NSX - 1990.09

NSX

NSX
 
BODY


スチールに比較し、ボディだけでも
約140kgもの軽量化を実現。
NSXの基本ポテンシャルを決定づけ、
性能追求の新しい方向を提示した、
オールアルミ・モノコックボディ。

NSXの高性能化を成立させるために、
大幅な軽量化を可能にした、
オールアルミ・モノコックボディ。
NSXを成立させるために、きわめて重要な役割を果したのが、ボディの軽量化でした。
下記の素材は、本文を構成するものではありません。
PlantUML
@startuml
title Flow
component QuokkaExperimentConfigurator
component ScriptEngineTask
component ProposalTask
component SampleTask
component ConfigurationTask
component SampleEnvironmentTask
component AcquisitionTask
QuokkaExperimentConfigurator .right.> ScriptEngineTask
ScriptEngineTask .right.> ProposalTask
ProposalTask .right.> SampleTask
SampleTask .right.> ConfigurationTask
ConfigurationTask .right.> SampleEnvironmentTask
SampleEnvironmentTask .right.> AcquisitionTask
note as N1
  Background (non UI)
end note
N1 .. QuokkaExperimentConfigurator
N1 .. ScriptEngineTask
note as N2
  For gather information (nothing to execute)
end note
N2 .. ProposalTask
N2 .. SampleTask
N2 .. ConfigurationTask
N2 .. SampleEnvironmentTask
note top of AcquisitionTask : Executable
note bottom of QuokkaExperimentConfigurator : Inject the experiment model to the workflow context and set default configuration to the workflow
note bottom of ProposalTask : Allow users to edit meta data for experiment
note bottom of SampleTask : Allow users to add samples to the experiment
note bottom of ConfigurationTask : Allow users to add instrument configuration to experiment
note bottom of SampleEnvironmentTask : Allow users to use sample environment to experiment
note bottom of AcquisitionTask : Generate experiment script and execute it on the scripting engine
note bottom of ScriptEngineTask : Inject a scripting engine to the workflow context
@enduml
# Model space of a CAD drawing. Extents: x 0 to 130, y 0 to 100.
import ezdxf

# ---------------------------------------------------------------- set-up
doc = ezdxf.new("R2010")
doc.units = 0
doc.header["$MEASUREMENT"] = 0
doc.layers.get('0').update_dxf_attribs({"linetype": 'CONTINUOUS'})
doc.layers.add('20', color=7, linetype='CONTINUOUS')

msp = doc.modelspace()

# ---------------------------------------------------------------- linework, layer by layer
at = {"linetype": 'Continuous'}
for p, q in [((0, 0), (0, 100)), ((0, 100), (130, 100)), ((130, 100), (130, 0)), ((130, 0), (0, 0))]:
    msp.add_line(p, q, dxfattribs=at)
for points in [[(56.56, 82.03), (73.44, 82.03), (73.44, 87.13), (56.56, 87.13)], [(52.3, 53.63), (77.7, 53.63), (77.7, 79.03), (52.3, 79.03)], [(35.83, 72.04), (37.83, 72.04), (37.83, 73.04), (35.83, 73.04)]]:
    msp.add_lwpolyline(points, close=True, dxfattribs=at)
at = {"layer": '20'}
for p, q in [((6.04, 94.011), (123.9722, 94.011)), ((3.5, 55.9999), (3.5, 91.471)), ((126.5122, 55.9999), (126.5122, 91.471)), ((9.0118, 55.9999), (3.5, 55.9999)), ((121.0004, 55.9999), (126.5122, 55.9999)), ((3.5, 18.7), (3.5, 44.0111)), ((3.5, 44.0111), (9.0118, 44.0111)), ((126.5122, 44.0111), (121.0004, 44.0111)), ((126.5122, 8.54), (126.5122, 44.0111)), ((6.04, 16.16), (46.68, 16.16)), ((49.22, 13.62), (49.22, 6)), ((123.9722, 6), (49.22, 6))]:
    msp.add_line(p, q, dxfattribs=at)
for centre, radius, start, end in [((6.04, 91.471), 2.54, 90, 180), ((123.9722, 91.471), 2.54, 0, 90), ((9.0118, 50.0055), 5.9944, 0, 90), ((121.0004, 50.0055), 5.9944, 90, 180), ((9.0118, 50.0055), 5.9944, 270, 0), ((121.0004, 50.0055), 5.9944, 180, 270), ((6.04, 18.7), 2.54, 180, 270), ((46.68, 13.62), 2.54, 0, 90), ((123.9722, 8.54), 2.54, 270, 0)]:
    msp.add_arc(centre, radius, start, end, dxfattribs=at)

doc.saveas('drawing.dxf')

エンジン、シャシー、ボディ、その他の装備類まで含め、最も効果的な軽量化を図れるところだったからです。
そこでホンダは、アルミ合金をはじめ、強化プラスチック系素材やFRP、CFRP(カーボンファイバーやケブラーなどの繊維強化系素材)など、各種の軽量素材を、クルマのボディ素材として求められる要件、すなわち軽量化効果、強度、剛性、成形の自由度、耐熱性、耐蝕性、量産性などを考慮し、比較検討しました。
アルミ合金は鉄に比べ比重は1/3ですが、ヤング率(弾性系数)も1/3、剛性も1/3。しかし等価面剛性板厚は、鉄1.0mmに対しアルミ合金は1.4mm。つまり、アルミ合金は鉄の1.4倍の板厚で同等の面剛性を得ることができ、その厚さで鉄より遥かに軽いという、軽量化にきわめて効果的な素材でした。
これを具体的に検証するために、実際にアルミボディをもつミッドシップのテスト車を作成。各種の実験を繰り返し行なった結果、大幅な軽量化は、鉄より軽く、しかも丈夫で錆のこない特性をもったアルミ合金によってのみ可能となる。すなわち、ミッドシップの、オールアルミボディは実現可能である、という結論に到りました。
しかしながら、アルミは、素材コストで鉄の約5〜6倍であること、また他の金属と接すると電蝕が生じることや熔接や接着に手間がかかるなど、生産面での困難さをあわせもっていました。
ホンダは、これら設計と生産面の問題点を、新技術を開発することなどで解決。コストアップについても、アルミによる軽量化がもたらす大きな効果から換算すれば充分に価値あるものと判断しました。こうして実用化への数多くの壁を打ち破り、エンジンから、サスペンション、シートフレームまでも含めたトータルな考え方でオールアルミボディを実現したのです。
ホワイトボディ重量は210kg。ボディだけでも140kg、総重量では従来のスチールボディに比較して約200kg、馬力換算で40ps(パワーウエイトレシオを5kgで計算。200kg÷5kg=40ps)にも相当する軽量化を可能とし、NSXの高性能化を成しとげたのです。